## Assigned task
Without the pictures, retype each line below exactly as it stands.

+ + + + + + +

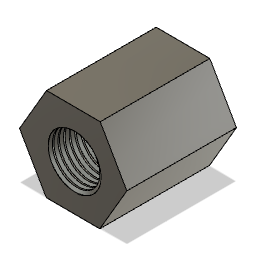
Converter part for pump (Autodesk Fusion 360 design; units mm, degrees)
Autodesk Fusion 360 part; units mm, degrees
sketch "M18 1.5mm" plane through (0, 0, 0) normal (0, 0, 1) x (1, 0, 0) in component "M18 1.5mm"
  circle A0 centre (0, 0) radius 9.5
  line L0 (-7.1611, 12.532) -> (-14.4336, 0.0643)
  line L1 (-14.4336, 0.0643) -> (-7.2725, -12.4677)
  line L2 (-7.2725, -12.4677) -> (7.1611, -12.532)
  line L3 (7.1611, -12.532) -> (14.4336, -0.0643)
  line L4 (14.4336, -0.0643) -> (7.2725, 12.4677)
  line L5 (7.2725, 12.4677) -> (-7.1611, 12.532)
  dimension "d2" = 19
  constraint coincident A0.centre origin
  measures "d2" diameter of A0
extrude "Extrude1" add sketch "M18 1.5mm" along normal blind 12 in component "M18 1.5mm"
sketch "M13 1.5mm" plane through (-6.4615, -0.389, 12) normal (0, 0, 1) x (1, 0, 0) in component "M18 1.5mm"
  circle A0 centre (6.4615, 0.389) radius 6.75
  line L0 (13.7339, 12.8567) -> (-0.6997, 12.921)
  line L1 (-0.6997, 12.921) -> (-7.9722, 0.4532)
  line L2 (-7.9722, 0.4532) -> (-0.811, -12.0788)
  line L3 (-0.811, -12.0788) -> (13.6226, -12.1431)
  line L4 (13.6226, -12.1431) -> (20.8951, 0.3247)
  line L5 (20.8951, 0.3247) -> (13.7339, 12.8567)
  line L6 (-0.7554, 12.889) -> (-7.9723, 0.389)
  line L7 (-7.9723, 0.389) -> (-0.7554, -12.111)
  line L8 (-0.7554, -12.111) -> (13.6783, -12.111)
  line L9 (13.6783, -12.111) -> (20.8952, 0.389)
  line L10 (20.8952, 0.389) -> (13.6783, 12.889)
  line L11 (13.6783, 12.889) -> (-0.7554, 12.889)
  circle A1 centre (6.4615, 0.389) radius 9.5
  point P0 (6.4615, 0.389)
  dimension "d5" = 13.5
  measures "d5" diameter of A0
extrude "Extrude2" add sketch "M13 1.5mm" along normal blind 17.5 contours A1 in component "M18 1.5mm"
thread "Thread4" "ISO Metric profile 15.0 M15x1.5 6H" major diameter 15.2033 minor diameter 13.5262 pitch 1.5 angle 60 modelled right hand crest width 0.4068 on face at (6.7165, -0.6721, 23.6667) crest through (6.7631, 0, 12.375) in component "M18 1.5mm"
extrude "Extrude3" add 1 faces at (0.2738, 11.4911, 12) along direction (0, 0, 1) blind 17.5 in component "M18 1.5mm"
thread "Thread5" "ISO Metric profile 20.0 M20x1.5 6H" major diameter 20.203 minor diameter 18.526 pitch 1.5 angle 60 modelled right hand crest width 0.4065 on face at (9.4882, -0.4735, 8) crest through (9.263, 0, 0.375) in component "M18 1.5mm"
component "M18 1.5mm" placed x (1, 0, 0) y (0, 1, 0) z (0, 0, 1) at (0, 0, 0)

+ + + + + + +

## Finished exercise
Converter part for pump (Autodesk Fusion 360 design; units mm, degrees)
Autodesk Fusion 360 part; units mm, degrees
sketch "M18 1.5mm" plane through (0, 0, 0) normal (0, 0, 1) x (1, 0, 0) in component "M18 1.5mm"
  circle A0 centre (0, 0) radius 9.5
  line L0 (-7.1611, 12.532) -> (-14.4336, 0.0643)
  line L1 (-14.4336, 0.0643) -> (-7.2725, -12.4677)
  line L2 (-7.2725, -12.4677) -> (7.1611, -12.532)
  line L3 (7.1611, -12.532) -> (14.4336, -0.0643)
  line L4 (14.4336, -0.0643) -> (7.2725, 12.4677)
  line L5 (7.2725, 12.4677) -> (-7.1611, 12.532)
  dimension "d2" = 19
  constraint coincident A0.centre origin
  measures "d2" diameter of A0
extrude "Extrude1" add sketch "M18 1.5mm" along normal blind 12 in component "M18 1.5mm"
sketch "M13 1.5mm" plane through (-6.4615, -0.389, 12) normal (0, 0, 1) x (1, 0, 0) in component "M18 1.5mm"
  circle A0 centre (6.4615, 0.389) radius 6.75
  line L0 (13.7339, 12.8567) -> (-0.6997, 12.921)
  line L1 (-0.6997, 12.921) -> (-7.9722, 0.4532)
  line L2 (-7.9722, 0.4532) -> (-0.811, -12.0788)
  line L3 (-0.811, -12.0788) -> (13.6226, -12.1431)
  line L4 (13.6226, -12.1431) -> (20.8951, 0.3247)
  line L5 (20.8951, 0.3247) -> (13.7339, 12.8567)
  line L6 (-0.7554, 12.889) -> (-7.9723, 0.389)
  line L7 (-7.9723, 0.389) -> (-0.7554, -12.111)
  line L8 (-0.7554, -12.111) -> (13.6783, -12.111)
  line L9 (13.6783, -12.111) -> (20.8952, 0.389)
  line L10 (20.8952, 0.389) -> (13.6783, 12.889)
  line L11 (13.6783, 12.889) -> (-0.7554, 12.889)
  circle A1 centre (6.4615, 0.389) radius 9.5
  point P0 (6.4615, 0.389)
  dimension "d5" = 13.5
  measures "d5" diameter of A0
extrude "Extrude2" add sketch "M13 1.5mm" along normal blind 17.5 contours A1 in component "M18 1.5mm"
thread "Thread4" "ISO Metric profile 15.0 M15x1.5 6H" major diameter 15.2033 minor diameter 13.5262 pitch 1.5 angle 60 modelled right hand crest width 0.4068 on face at (6.7165, -0.6721, 23.6667) crest through (6.7631, 0, 12.375) in component "M18 1.5mm"
extrude "Extrude3" add 1 faces at (0.2738, 11.4911, 12) along direction (0, 0, 1) blind 17.5 in component "M18 1.5mm"
thread "Thread5" "ISO Metric profile 20.0 M20x1.5 6H" major diameter 20.203 minor diameter 18.526 pitch 1.5 angle 60 modelled right hand crest width 0.4065 on face at (9.4882, -0.4735, 8) crest through (9.263, 0, 0.375) in component "M18 1.5mm"
component "M18 1.5mm" placed x (1, 0, 0) y (0, 1, 0) z (0, 0, 1) at (0, 0, 0)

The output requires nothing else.